Computing transition paths for rare events

Series
Applied and Computational Mathematics Seminar
Time
Monday, August 23, 2010 - 1:00pm for 1 hour (actually 50 minutes)
Location
Skiles 002
Speaker
Maria Cameron – U Maryland
Organizer
Maria Westdickenberg

Please Note: I will propose two numerical approaches for minimizing the MFF. Approach I is good for high-dimensional systems and fixed endpoints. It is based on temperature relaxation strategy and Broyden's method. Approach II is good for low-dimensional systems and only one fixed endpoint. It is based on Sethian's Fast Marching Method.I will show the application of Approaches I and II to the problems of rearrangement of Lennard-Jones cluster of 38 atoms and of CO escape from the Myoglobin protein respectively.

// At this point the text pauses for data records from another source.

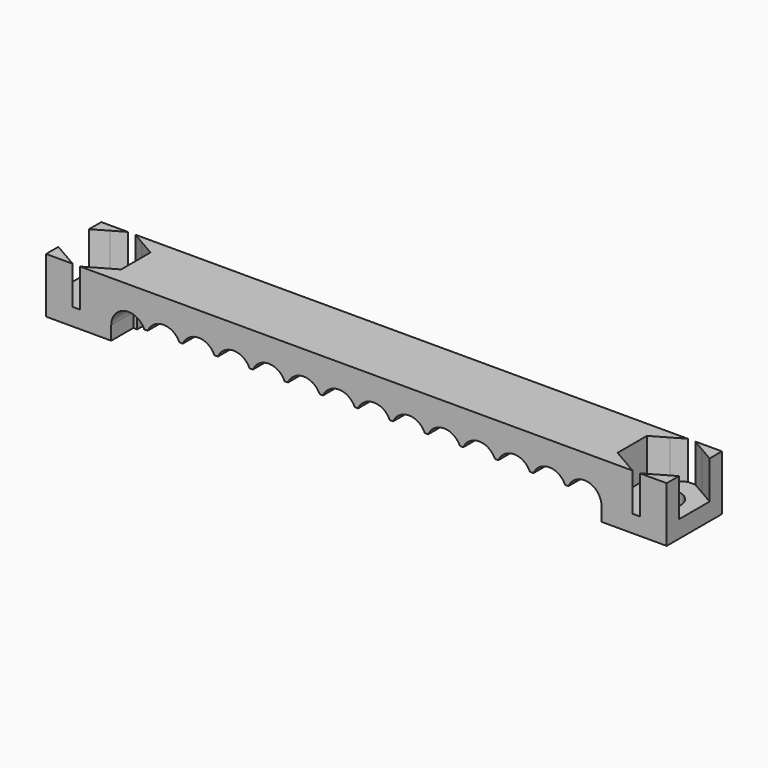
from build123d import *

# Parameters (mm, degrees)
F1_DEPTH = 5
F3_DEPTH = 2
F5_DEPTH = 2.75
F6_R     = 1.2
F7_DEPTH = 5
F8_DEPTH = 1


with BuildPart() as f1:
    # F0 (on Front) → F1 (new body)
    with BuildSketch(Plane.XZ):
        with BuildLine():
            ThreePointArc((-2.24, 1.27), (-1.27, 2.24), (-0.3, 1.27))
            Line((-0.3, 1.27), (0.3, 1.27))
            ThreePointArc((0.3, 1.27), (1.27, 2.24), (2.24, 1.27))
            Line((2.24, 1.27), (2.84, 1.27))
            ThreePointArc((2.84, 1.27), (3.81, 2.24), (4.78, 1.27))
            Line((4.78, 1.27), (5.38, 1.27))
            ThreePointArc((5.38, 1.27), (6.35, 2.24), (7.32, 1.27))
            Line((7.32, 1.27), (7.92, 1.27))
            ThreePointArc((7.92, 1.27), (8.89, 2.24), (9.86, 1.27))
            Line((9.86, 1.27), (10.46, 1.27))
            ThreePointArc((10.46, 1.27), (11.43, 2.24), (12.4, 1.27))
            Line((12.4, 1.27), (13, 1.27))
            ThreePointArc((13, 1.27), (13.97, 2.24), (14.94, 1.27))
            Line((14.94, 1.27), (15.54, 1.27))
            ThreePointArc((15.54, 1.27), (16.51, 2.24), (17.48, 1.27))
            Line((17.48, 1.27), (22.48, 1.27))
            Line((22.48, 1.27), (22.48, 4.27))
            Line((22.48, 4.27), (-22.48, 4.27))
            Line((-22.48, 4.27), (-22.48, 1.27))
            Line((-22.48, 1.27), (-17.48, 1.27))
            ThreePointArc((-17.48, 1.27), (-16.51, 2.24), (-15.54, 1.27))
            Line((-15.54, 1.27), (-14.94, 1.27))
            ThreePointArc((-14.94, 1.27), (-13.97, 2.24), (-13, 1.27))
            Line((-13, 1.27), (-12.4, 1.27))
            ThreePointArc((-12.4, 1.27), (-11.43, 2.24), (-10.46, 1.27))
            Line((-10.46, 1.27), (-9.86, 1.27))
            ThreePointArc((-9.86, 1.27), (-8.89, 2.24), (-7.92, 1.27))
            Line((-7.92, 1.27), (-7.32, 1.27))
            ThreePointArc((-7.32, 1.27), (-6.35, 2.24), (-5.38, 1.27))
            Line((-5.38, 1.27), (-4.78, 1.27))
            ThreePointArc((-4.78, 1.27), (-3.81, 2.24), (-2.84, 1.27))
            Line((-2.84, 1.27), (-2.24, 1.27))
        make_face()
    extrude(amount=F1_DEPTH)

    # F2 (on face) → F3 (cut)
    with BuildSketch(Plane.XZ.offset(5)):
        with BuildLine():
            Line((-16.51, 1.27), (-15.26, 1.27))
            ThreePointArc((-15.26, 1.27), (-15.2863671088, 1.5253870546), (-15.3643560763, 1.77))
            Line((-15.3643560763, 1.77), (-16.51, 1.77))
            Line((-16.51, 1.77), (-16.51, 1.27))
        make_face()
        with BuildLine():
            ThreePointArc((-15.3643560763, 1.77), (-17.7336328912, 1.0146129454), (-15.26, 1.27))
            Line((-15.26, 1.27), (-16.51, 1.27))
            Line((-16.51, 1.27), (-16.51, 1.77))
            Line((-16.51, 1.77), (-15.3643560763, 1.77))
        make_face()
        with BuildLine():
            ThreePointArc((-15.3643560763, 1.77), (-15.2863671088, 1.5253870546), (-15.26, 1.27))
            Line((-15.26, 1.27), (-15.22, 1.27))
            ThreePointArc((-15.22, 1.27), (-15.1936328912, 1.5253870546), (-15.1156439237, 1.77))
            Line((-15.1156439237, 1.77), (-15.3643560763, 1.77))
        make_face()
        with BuildLine():
            Line((-12.72, 1.27), (-15.22, 1.27))
            ThreePointArc((-15.22, 1.27), (-13.97, 0.02), (-12.72, 1.27))
        make_face()
        with BuildLine():
            ThreePointArc((-15.1156439237, 1.77), (-15.1936328912, 1.5253870546), (-15.22, 1.27))
            Line((-15.22, 1.27), (-12.72, 1.27))
            ThreePointArc((-12.72, 1.27), (-12.7463671088, 1.5253870546), (-12.8243560763, 1.77))
            Line((-12.8243560763, 1.77), (-15.1156439237, 1.77))
        make_face()
        with BuildLine():
            ThreePointArc((-12.8243560763, 1.77), (-13.97, 2.52), (-15.1156439237, 1.77))
            Line((-15.1156439237, 1.77), (-12.8243560763, 1.77))
        make_face()
        with BuildLine():
            ThreePointArc((-12.8243560763, 1.77), (-12.7463671088, 1.5253870546), (-12.72, 1.27))
            Line((-12.72, 1.27), (-12.68, 1.27))
            ThreePointArc((-12.68, 1.27), (-12.6536328912, 1.5253870546), (-12.5756439237, 1.77))
            Line((-12.5756439237, 1.77), (-12.8243560763, 1.77))
        make_face()
        with BuildLine():
            Line((-10.18, 1.27), (-12.68, 1.27))
            ThreePointArc((-12.68, 1.27), (-11.43, 0.02), (-10.18, 1.27))
        make_face()
        with BuildLine():
            ThreePointArc((-12.5756439237, 1.77), (-12.6536328912, 1.5253870546), (-12.68, 1.27))
            Line((-12.68, 1.27), (-10.18, 1.27))
            ThreePointArc((-10.18, 1.27), (-10.2063671088, 1.5253870546), (-10.2843560763, 1.77))
            Line((-10.2843560763, 1.77), (-12.5756439237, 1.77))
        make_face()
        with BuildLine():
            ThreePointArc((-10.2843560763, 1.77), (-11.43, 2.52), (-12.5756439237, 1.77))
            Line((-12.5756439237, 1.77), (-10.2843560763, 1.77))
        make_face()
        with BuildLine():
            ThreePointArc((-10.2843560763, 1.77), (-10.2063671088, 1.5253870546), (-10.18, 1.27))
            Line((-10.18, 1.27), (-10.14, 1.27))
            ThreePointArc((-10.14, 1.27), (-10.1136328912, 1.5253870546), (-10.0356439237, 1.77))
            Line((-10.0356439237, 1.77), (-10.2843560763, 1.77))
        make_face()
        with BuildLine():
            Line((-7.64, 1.27), (-10.14, 1.27))
            ThreePointArc((-10.14, 1.27), (-8.89, 0.02), (-7.64, 1.27))
        make_face()
        with BuildLine():
            ThreePointArc((-10.0356439237, 1.77), (-10.1136328912, 1.5253870546), (-10.14, 1.27))
            Line((-10.14, 1.27), (-7.64, 1.27))
            ThreePointArc((-7.64, 1.27), (-7.6663671088, 1.5253870546), (-7.7443560763, 1.77))
            Line((-7.7443560763, 1.77), (-10.0356439237, 1.77))
        make_face()
        with BuildLine():
            ThreePointArc((-7.7443560763, 1.77), (-8.89, 2.52), (-10.0356439237, 1.77))
            Line((-10.0356439237, 1.77), (-7.7443560763, 1.77))
        make_face()
        with BuildLine():
            ThreePointArc((-7.7443560763, 1.77), (-7.6663671088, 1.5253870546), (-7.64, 1.27))
            Line((-7.64, 1.27), (-7.6, 1.27))
            ThreePointArc((-7.6, 1.27), (-7.5736328912, 1.5253870546), (-7.4956439237, 1.77))
            Line((-7.4956439237, 1.77), (-7.7443560763, 1.77))
        make_face()
        with BuildLine():
            Line((-5.1, 1.27), (-7.6, 1.27))
            ThreePointArc((-7.6, 1.27), (-6.35, 0.02), (-5.1, 1.27))
        make_face()
        with BuildLine():
            ThreePointArc((-7.4956439237, 1.77), (-7.5736328912, 1.5253870546), (-7.6, 1.27))
            Line((-7.6, 1.27), (-5.1, 1.27))
            ThreePointArc((-5.1, 1.27), (-5.1263671088, 1.5253870546), (-5.2043560763, 1.77))
            Line((-5.2043560763, 1.77), (-7.4956439237, 1.77))
        make_face()
        with BuildLine():
            ThreePointArc((-5.2043560763, 1.77), (-6.35, 2.52), (-7.4956439237, 1.77))
            Line((-7.4956439237, 1.77), (-5.2043560763, 1.77))
        make_face()
        with BuildLine():
            ThreePointArc((-5.2043560763, 1.77), (-5.1263671088, 1.5253870546), (-5.1, 1.27))
            Line((-5.1, 1.27), (-5.06, 1.27))
            ThreePointArc((-5.06, 1.27), (-5.0336328912, 1.5253870546), (-4.9556439237, 1.77))
            Line((-4.9556439237, 1.77), (-5.2043560763, 1.77))
        make_face()
        with BuildLine():
            Line((-2.56, 1.27), (-5.06, 1.27))
            ThreePointArc((-5.06, 1.27), (-3.81, 0.02), (-2.56, 1.27))
        make_face()
        with BuildLine():
            ThreePointArc((-4.9556439237, 1.77), (-5.0336328912, 1.5253870546), (-5.06, 1.27))
            Line((-5.06, 1.27), (-2.56, 1.27))
            ThreePointArc((-2.56, 1.27), (-2.5863671088, 1.5253870546), (-2.6643560763, 1.77))
            Line((-2.6643560763, 1.77), (-4.9556439237, 1.77))
        make_face()
        with BuildLine():
            ThreePointArc((-2.6643560763, 1.77), (-3.81, 2.52), (-4.9556439237, 1.77))
            Line((-4.9556439237, 1.77), (-2.6643560763, 1.77))
        make_face()
        with BuildLine():
            ThreePointArc((-2.6643560763, 1.77), (-2.5863671088, 1.5253870546), (-2.56, 1.27))
            Line((-2.56, 1.27), (-2.52, 1.27))
            ThreePointArc((-2.52, 1.27), (-2.4936328912, 1.5253870546), (-2.4156439237, 1.77))
            Line((-2.4156439237, 1.77), (-2.6643560763, 1.77))
        make_face()
        with BuildLine():
            Line((-0.02, 1.27), (-2.52, 1.27))
            ThreePointArc((-2.52, 1.27), (-1.27, 0.02), (-0.02, 1.27))
        make_face()
        with BuildLine():
            ThreePointArc((-2.4156439237, 1.77), (-2.4936328912, 1.5253870546), (-2.52, 1.27))
            Line((-2.52, 1.27), (-0.02, 1.27))
            ThreePointArc((-0.02, 1.27), (-0.0463671088, 1.5253870546), (-0.1243560763, 1.77))
            Line((-0.1243560763, 1.77), (-2.4156439237, 1.77))
        make_face()
        with BuildLine():
            ThreePointArc((-0.1243560763, 1.77), (-1.27, 2.52), (-2.4156439237, 1.77))
            Line((-2.4156439237, 1.77), (-0.1243560763, 1.77))
        make_face()
        with BuildLine():
            ThreePointArc((-0.1243560763, 1.77), (-0.0463671088, 1.5253870546), (-0.02, 1.27))
            Line((-0.02, 1.27), (0.02, 1.27))
            ThreePointArc((0.02, 1.27), (0.0463671088, 1.5253870546), (0.1243560763, 1.77))
            Line((0.1243560763, 1.77), (-0.1243560763, 1.77))
        make_face()
        with BuildLine():
            Line((2.52, 1.27), (0.02, 1.27))
            ThreePointArc((0.02, 1.27), (1.27, 0.02), (2.52, 1.27))
        make_face()
        with BuildLine():
            ThreePointArc((0.1243560763, 1.77), (0.0463671088, 1.5253870546), (0.02, 1.27))
            Line((0.02, 1.27), (2.52, 1.27))
            ThreePointArc((2.52, 1.27), (2.4936328912, 1.5253870546), (2.4156439237, 1.77))
            Line((2.4156439237, 1.77), (0.1243560763, 1.77))
        make_face()
        with BuildLine():
            ThreePointArc((2.4156439237, 1.77), (1.27, 2.52), (0.1243560763, 1.77))
            Line((0.1243560763, 1.77), (2.4156439237, 1.77))
        make_face()
        with BuildLine():
            ThreePointArc((2.4156439237, 1.77), (2.4936328912, 1.5253870546), (2.52, 1.27))
            Line((2.52, 1.27), (2.56, 1.27))
            ThreePointArc((2.56, 1.27), (2.5863671088, 1.5253870546), (2.6643560763, 1.77))
            Line((2.6643560763, 1.77), (2.4156439237, 1.77))
        make_face()
        with BuildLine():
            Line((5.06, 1.27), (2.56, 1.27))
            ThreePointArc((2.56, 1.27), (3.81, 0.02), (5.06, 1.27))
        make_face()
        with BuildLine():
            ThreePointArc((2.6643560763, 1.77), (2.5863671088, 1.5253870546), (2.56, 1.27))
            Line((2.56, 1.27), (5.06, 1.27))
            ThreePointArc((5.06, 1.27), (5.0336328912, 1.5253870546), (4.9556439237, 1.77))
            Line((4.9556439237, 1.77), (2.6643560763, 1.77))
        make_face()
        with BuildLine():
            ThreePointArc((4.9556439237, 1.77), (3.81, 2.52), (2.6643560763, 1.77))
            Line((2.6643560763, 1.77), (4.9556439237, 1.77))
        make_face()
        with BuildLine():
            ThreePointArc((4.9556439237, 1.77), (5.0336328912, 1.5253870546), (5.06, 1.27))
            Line((5.06, 1.27), (5.1, 1.27))
            ThreePointArc((5.1, 1.27), (5.1263671088, 1.5253870546), (5.2043560763, 1.77))
            Line((5.2043560763, 1.77), (4.9556439237, 1.77))
        make_face()
        with BuildLine():
            Line((7.6, 1.27), (5.1, 1.27))
            ThreePointArc((5.1, 1.27), (6.35, 0.02), (7.6, 1.27))
        make_face()
        with BuildLine():
            ThreePointArc((5.2043560763, 1.77), (5.1263671088, 1.5253870546), (5.1, 1.27))
            Line((5.1, 1.27), (7.6, 1.27))
            ThreePointArc((7.6, 1.27), (7.5736328912, 1.5253870546), (7.4956439237, 1.77))
            Line((7.4956439237, 1.77), (5.2043560763, 1.77))
        make_face()
        with BuildLine():
            ThreePointArc((7.4956439237, 1.77), (6.35, 2.52), (5.2043560763, 1.77))
            Line((5.2043560763, 1.77), (7.4956439237, 1.77))
        make_face()
        with BuildLine():
            ThreePointArc((7.4956439237, 1.77), (7.5736328912, 1.5253870546), (7.6, 1.27))
            Line((7.6, 1.27), (7.64, 1.27))
            ThreePointArc((7.64, 1.27), (7.6663671088, 1.5253870546), (7.7443560763, 1.77))
            Line((7.7443560763, 1.77), (7.4956439237, 1.77))
        make_face()
        with BuildLine():
            Line((10.14, 1.27), (7.64, 1.27))
            ThreePointArc((7.64, 1.27), (8.89, 0.02), (10.14, 1.27))
        make_face()
        with BuildLine():
            ThreePointArc((7.7443560763, 1.77), (7.6663671088, 1.5253870546), (7.64, 1.27))
            Line((7.64, 1.27), (10.14, 1.27))
            ThreePointArc((10.14, 1.27), (10.1136328912, 1.5253870546), (10.0356439237, 1.77))
            Line((10.0356439237, 1.77), (7.7443560763, 1.77))
        make_face()
        with BuildLine():
            ThreePointArc((10.0356439237, 1.77), (8.89, 2.52), (7.7443560763, 1.77))
            Line((7.7443560763, 1.77), (10.0356439237, 1.77))
        make_face()
        with BuildLine():
            ThreePointArc((10.0356439237, 1.77), (10.1136328912, 1.5253870546), (10.14, 1.27))
            Line((10.14, 1.27), (10.18, 1.27))
            ThreePointArc((10.18, 1.27), (10.2063671088, 1.5253870546), (10.2843560763, 1.77))
            Line((10.2843560763, 1.77), (10.0356439237, 1.77))
        make_face()
        with BuildLine():
            Line((12.68, 1.27), (10.18, 1.27))
            ThreePointArc((10.18, 1.27), (11.43, 0.02), (12.68, 1.27))
        make_face()
        with BuildLine():
            ThreePointArc((10.2843560763, 1.77), (10.2063671088, 1.5253870546), (10.18, 1.27))
            Line((10.18, 1.27), (12.68, 1.27))
            ThreePointArc((12.68, 1.27), (12.6536328912, 1.5253870546), (12.5756439237, 1.77))
            Line((12.5756439237, 1.77), (10.2843560763, 1.77))
        make_face()
        with BuildLine():
            ThreePointArc((12.5756439237, 1.77), (11.43, 2.52), (10.2843560763, 1.77))
            Line((10.2843560763, 1.77), (12.5756439237, 1.77))
        make_face()
        with BuildLine():
            ThreePointArc((12.5756439237, 1.77), (12.6536328912, 1.5253870546), (12.68, 1.27))
            Line((12.68, 1.27), (12.72, 1.27))
            ThreePointArc((12.72, 1.27), (12.7463671088, 1.5253870546), (12.8243560763, 1.77))
            Line((12.8243560763, 1.77), (12.5756439237, 1.77))
        make_face()
        with BuildLine():
            Line((15.22, 1.27), (12.72, 1.27))
            ThreePointArc((12.72, 1.27), (13.97, 0.02), (15.22, 1.27))
        make_face()
        with BuildLine():
            ThreePointArc((12.8243560763, 1.77), (12.7463671088, 1.5253870546), (12.72, 1.27))
            Line((12.72, 1.27), (15.22, 1.27))
            ThreePointArc((15.22, 1.27), (15.1936328912, 1.5253870546), (15.1156439237, 1.77))
            Line((15.1156439237, 1.77), (12.8243560763, 1.77))
        make_face()
        with BuildLine():
            ThreePointArc((15.1156439237, 1.77), (13.97, 2.52), (12.8243560763, 1.77))
            Line((12.8243560763, 1.77), (15.1156439237, 1.77))
        make_face()
        with BuildLine():
            ThreePointArc((15.1156439237, 1.77), (15.1936328912, 1.5253870546), (15.22, 1.27))
            Line((15.22, 1.27), (15.26, 1.27))
            ThreePointArc((15.26, 1.27), (15.2863671088, 1.5253870546), (15.3643560763, 1.77))
            Line((15.3643560763, 1.77), (15.1156439237, 1.77))
        make_face()
        with BuildLine():
            Line((16.51, 1.27), (15.26, 1.27))
            ThreePointArc((15.26, 1.27), (16.51, 0.02), (17.76, 1.27))
            ThreePointArc((17.76, 1.27), (16.7653870546, 2.4936328912), (15.3643560763, 1.77))
            Line((15.3643560763, 1.77), (16.51, 1.77))
            Line((16.51, 1.77), (16.51, 1.27))
        make_face()
        with BuildLine():
            ThreePointArc((15.3643560763, 1.77), (15.2863671088, 1.5253870546), (15.26, 1.27))
            Line((15.26, 1.27), (16.51, 1.27))
            Line((16.51, 1.27), (16.51, 1.77))
            Line((16.51, 1.77), (15.3643560763, 1.77))
        make_face()
    extrude(amount=-F3_DEPTH, mode=Mode.SUBTRACT)

    # F4 (on face) → F5 (cut)
    with BuildSketch(Plane.XY.offset(4.27)):
        with BuildLine():
            ThreePointArc((21.4299999725, -4.4918584446), (22.2718584208, -3.6500000137), (22.58, -2.5))
            ThreePointArc((22.58, -2.5), (22.271858109, -1.3499994462), (21.4299988924, -0.5081409318))
            ThreePointArc((21.4299988924, -0.5081409318), (20.280000147, -0.2), (19.1300013622, -0.5081407848))
            ThreePointArc((19.1300013622, -0.5081407848), (18.2881419645, -1.3499993189), (17.98, -2.5))
            ThreePointArc((17.98, -2.5), (18.2881415897, -3.6500000318), (19.1300000637, -4.4918584655))
            ThreePointArc((19.1300000637, -4.4918584655), (20.2800000209, -4.8), (21.4299999725, -4.4918584446))
        make_face()
        with BuildLine():
            Line((22.58, -3.8279056191), (22.58, -2.5))
            ThreePointArc((22.58, -2.5), (22.2718584208, -3.6500000137), (21.4299999725, -4.4918584446))
            Line((21.4299999725, -4.4918584446), (22.58, -3.8279056191))
        make_face()
        with BuildLine():
            ThreePointArc((21.4299988924, -0.5081409318), (22.271858109, -1.3499994462), (22.58, -2.5))
            Line((22.58, -2.5), (22.58, -1.1720943809))
            Line((22.58, -1.1720943809), (21.4299988924, -0.5081409318))
        make_face()
        with BuildLine():
            ThreePointArc((19.1300013622, -0.5081407848), (20.280000147, -0.2), (21.4299988924, -0.5081409318))
            Line((21.4299988924, -0.5081409318), (20.28, 0.1558112383))
            Line((20.28, 0.1558112383), (19.1300013622, -0.5081407848))
        make_face()
        with BuildLine():
            Line((20.28, -5.1558112383), (21.4299999725, -4.4918584446))
            ThreePointArc((21.4299999725, -4.4918584446), (20.2800000209, -4.8), (19.1300000637, -4.4918584655))
            Line((19.1300000637, -4.4918584655), (20.28, -5.1558112383))
        make_face()
        with BuildLine():
            ThreePointArc((17.98, -2.5), (18.2881419645, -1.3499993189), (19.1300013622, -0.5081407848))
            Line((19.1300013622, -0.5081407848), (17.98, -1.1720943809))
            Line((17.98, -1.1720943809), (17.98, -2.5))
        make_face()
        with BuildLine():
            Line((17.98, -3.8279056191), (19.1300000637, -4.4918584655))
            ThreePointArc((19.1300000637, -4.4918584655), (18.2881415897, -3.6500000318), (17.98, -2.5))
            Line((17.98, -2.5), (17.98, -3.8279056191))
        make_face()
        with BuildLine():
            ThreePointArc((-19.1300000861, -4.4918584784), (-18.2881415961, -3.650000043), (-17.98, -2.5))
            ThreePointArc((-17.98, -2.5), (-18.2881415051, -1.3500001146), (-19.1299997708, -0.5081417036))
            ThreePointArc((-19.1299997708, -0.5081417036), (-20.2799996458, -0.2), (-21.4299996157, -0.5081413494))
            ThreePointArc((-21.4299996157, -0.5081413494), (-22.2718583178, -1.3499998079), (-22.58, -2.5))
            ThreePointArc((-22.58, -2.5), (-22.2718584103, -3.6500000318), (-21.4299999363, -4.4918584655))
            ThreePointArc((-21.4299999363, -4.4918584655), (-20.2800000129, -4.8), (-19.1300000861, -4.4918584784))
        make_face()
        with BuildLine():
            Line((-17.98, -3.8279056191), (-17.98, -2.5))
            ThreePointArc((-17.98, -2.5), (-18.2881415961, -3.650000043), (-19.1300000861, -4.4918584784))
            Line((-19.1300000861, -4.4918584784), (-17.98, -3.8279056191))
        make_face()
        with BuildLine():
            ThreePointArc((-19.1299997708, -0.5081417036), (-18.2881415051, -1.3500001146), (-17.98, -2.5))
            Line((-17.98, -2.5), (-17.98, -1.1720943809))
            Line((-17.98, -1.1720943809), (-19.1299997708, -0.5081417036))
        make_face()
        with BuildLine():
            ThreePointArc((-21.4299996157, -0.5081413494), (-20.2799996458, -0.2), (-19.1299997708, -0.5081417036))
            Line((-19.1299997708, -0.5081417036), (-20.28, 0.1558112383))
            Line((-20.28, 0.1558112383), (-21.4299996157, -0.5081413494))
        make_face()
        with BuildLine():
            Line((-20.28, -5.1558112383), (-19.1300000861, -4.4918584784))
            ThreePointArc((-19.1300000861, -4.4918584784), (-20.2800000129, -4.8), (-21.4299999363, -4.4918584655))
            Line((-21.4299999363, -4.4918584655), (-20.28, -5.1558112383))
        make_face()
        with BuildLine():
            ThreePointArc((-22.58, -2.5), (-22.2718583178, -1.3499998079), (-21.4299996157, -0.5081413494))
            Line((-21.4299996157, -0.5081413494), (-22.58, -1.1720943809))
            Line((-22.58, -1.1720943809), (-22.58, -2.5))
        make_face()
        with BuildLine():
            Line((-22.58, -3.8279056191), (-21.4299999363, -4.4918584655))
            ThreePointArc((-21.4299999363, -4.4918584655), (-22.2718584103, -3.6500000318), (-22.58, -2.5))
            Line((-22.58, -2.5), (-22.58, -3.8279056191))
        make_face()
    extrude(amount=-F5_DEPTH, mode=Mode.SUBTRACT)

    # F6 (on Top) → F7 (cut)
    with BuildSketch(Plane.XY):
        with Locations((-20.28, -2.5)):
            Circle(F6_R)
        with Locations((20.28, -2.5)):
            Circle(F6_R)
    extrude(amount=F7_DEPTH, mode=Mode.SUBTRACT)

    # F8 (add): faces of the model
    f8_faces = [f1.faces().sort_by_distance(p)[0] for p in [
        (-19.98, -0.0707106781, 1.27),
        (19.98, -0.0707106781, 1.27),
    ]]
    extrude(f8_faces, amount=F8_DEPTH)


solid = f1.part

At low temperatures, a system evolving according to the overdamped Langevin equation spends most of the time near the potential minima and performs rare transitions between them. A number of methods have been developed to study the most likely transition paths. I will focus on one of them: the MaxFlux Functional (MFF), introduced by Berkowitz in 1983.I will reintepret the MFF from the point of view of the Transition Path Theory (W. E & E. V.-E.) and show that the MaxFlux approximation is equivalent to the Eikonal Approximation of the Backward Kolmogorov Equation for the committor function.